O que distingue o edifício das verdadeiras “khruschióvkas” é que o teto de seus apartamentos tem três metros de altura, em vez de 2,5 metros, e as cozinhas têm entre 10 e 12 metros quadrados, em vez dos habituais cinco ou seis metros quadrados. Ele também tem portas de carvalho e as entradas são enfeitadas com pilastras de estilo neoclássico. Há nele ainda pequenas varandas, mas só no segundo andar. Khrusch[ov achou o projeto muito caro e os blocos de apartamentos subsequentes foram construídos de forma muito mais modesta e "sem frescuras".

“Casa de pernas para o ar", em São Petersburgo

À primeira vista, este edifício residencial na rua Magnitogorskaia, número 95, parece um bloco de apartamentos de quatro andares comum. Mas, na verdade, ele resultou de um experimento arquitetônico ousado realizado em 1959.

Ele foi construído usando um método que exigia que cada andar fosse içado até a altura necessária. Primeiramente, foram colocadas estacas de carga e, em seguida, o telhado foi montado no solo previamente, com o auxílio de macacos hidráulicos, sendo depois içada até o nível necessário. Em seguida, começou-se a montar o andar superior e, gradualmente, foi-se descendo até o térreo.

A ideia era que remover a necessidade de guindastes aceleraria o processo construção e reduzir os custos, mas, na realidade, logo tornou-se claro que esse tipo de construção exigia trabalhadores e operadores de macacos altamente treinados, de modo que o prédio acabou sendo o único construído por esse método.

Complexo Residencial para Jovens, Ekaterimburgo

A ideia de construir complexos residenciais para jovens trabalhadores solteiros surgiu no período de 1960 a 1980, na cidade de Korolióv, na região de Moscou, em um centro de pesquisas espaciais onde viviam muitos cientistas.

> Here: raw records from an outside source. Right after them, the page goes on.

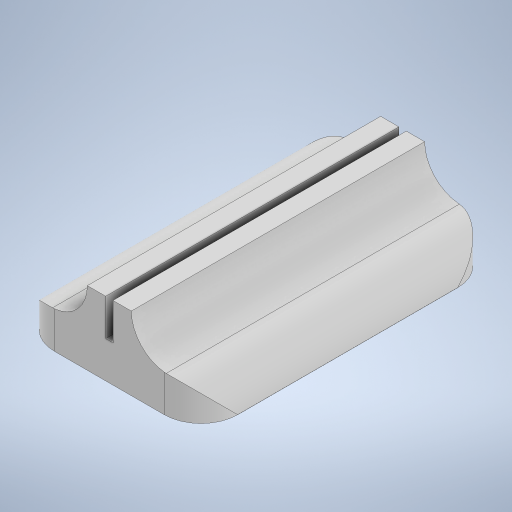
# Autodesk Inventor part: CalibrationWallMounts
Saved by Autodesk Inventor 2024.2 (Build 282272000, 272)
## iProperties
Created: 2024-05-02
Part Number: CalibrationWallMounts
Material: Generic
Document SubType Name: Modeling
Designer: ringl
Density: 1 g/cm^3
Appearance: Default
Author: ringl
Autodesk Inventor part; units mm, degrees
ref_plane "YZ Plane" through (0, 0, 0) normal (1, 0, 0) x (0, 1, 0)
ref_plane "XZ Plane" through (0, 0, 0) normal (0, 1, 0) x (-1, 0, 0)
ref_plane "XY Plane" through (0, 0, 0) normal (0, 0, 1) x (1, 0, 0)
sketch "Sketch1" plane through (0, 0, 0) normal (0, 1, 0) x (-1, 0, 0)
  line L0 (0, 0) -> (50, 0)
  line L1 (50, 0) -> (50, -80)
  line L2 (50, -80) -> (0, -80)
  line L3 (0, -80) -> (0, 0)
  dimension "d0" = 50
  dimension "d1" = 80
  constraints: 8 end point, 2 parallel, 1 horizontal, 1 perpendicular
  measures "d0" distance of L1.end L2.end
  measures "d1" distance of L0.end L1.end
extrude "Extrusion1" add sketch "Sketch1" along normal blind 10
sketch "Sketch2" plane through (0, 10, 0) normal (0, 1, 0) x (1, 0, 0)
  line L0 (-31, 0) -> (-26, 0)
  line L1 (-26, 0) -> (-26, 80)
  line L2 (-26, 80) -> (-31, 80)
  line L3 (-31, 80) -> (-31, 0)
  line L4 (-50, 0) -> (0, 0) projected
  line L5 (0, 80) -> (-50, 80) projected
  line L6 (-19, 0) -> (-24, 0)
  line L7 (-24, 0) -> (-24, 80)
  line L8 (-24, 80) -> (-19, 80)
  line L9 (-19, 80) -> (-19, 0)
  line L10 (0, 0) -> (0, 80) projected
  dimension "d7" = 5
  dimension "d8" = 5
  dimension "d9" = 2
  dimension "d10" = 19
  constraints: 16 end point, 4 parallel, 2 horizontal, 2 perpendicular, 2 point on line
  measures "d7" distance between parallel lines of L7 L9
  measures "d8" distance between parallel lines of L3 L1
  measures "d9" distance between parallel lines of L7 L1
  measures "d10" distance between parallel lines of L10 L9
extrude "Extrusion2" add sketch "Sketch2" along normal blind 10 contours L3 L2 L1 L0 | L7 L5 L9 L4
fillet "Fillet1" radius 10 2 edges at (-19, 10, -40) (-31, 10, -40)
fillet "Fillet2" radius 10 6 edges at (0, 10, -40) (0, 5, -80) (-50, 5, -80) (-50, 5, 0) (0, 5, 0) (-50, 10, -40)
body "Solid1"

Esses complexos foram construídos em torno de áreas industriais em todo o país e funcionavam como uma espécie de cidade dentro da cidade. Um deles sobrevive até hoje nos subúrbios da zona leste de Ekaterimburgo. Em 1981, foi implantado ali um empreendimento com 11 longos prédios construídos com painéis de concreto semicirculares com nove, 12 e 16 andares cada.

Apelidados de "pentágonos" ou "labirintos" pelos habitantes locais, os prédios foram projetados para ter apartamentos de poucos quartos: em geral, apenas os blocos de nove andares tinham apartamentos de três quartos, enquanto os outros blocos tinham apartamentos de um e dois quartos. Os edifícios mais longos tinham 500 apartamentos cada!

Os primeiros moradores foram os recém-formados da universidade local, que estavam diretamente envolvidos não apenas na construção, mas também no planejamento do empreendimento. Todo o complexo residencial foi construído com painéis de concreto armado feitos em uma fábrica vizinha.

O complexo também abrigava uma das maiores lojas de departamentos da cidade, um centro esportivo, um centro comunitário com sala de concertos onde se apresentaram músicos de rock famosos, além de um anfiteatro para teatro amador que também servia como área de recreação infantil.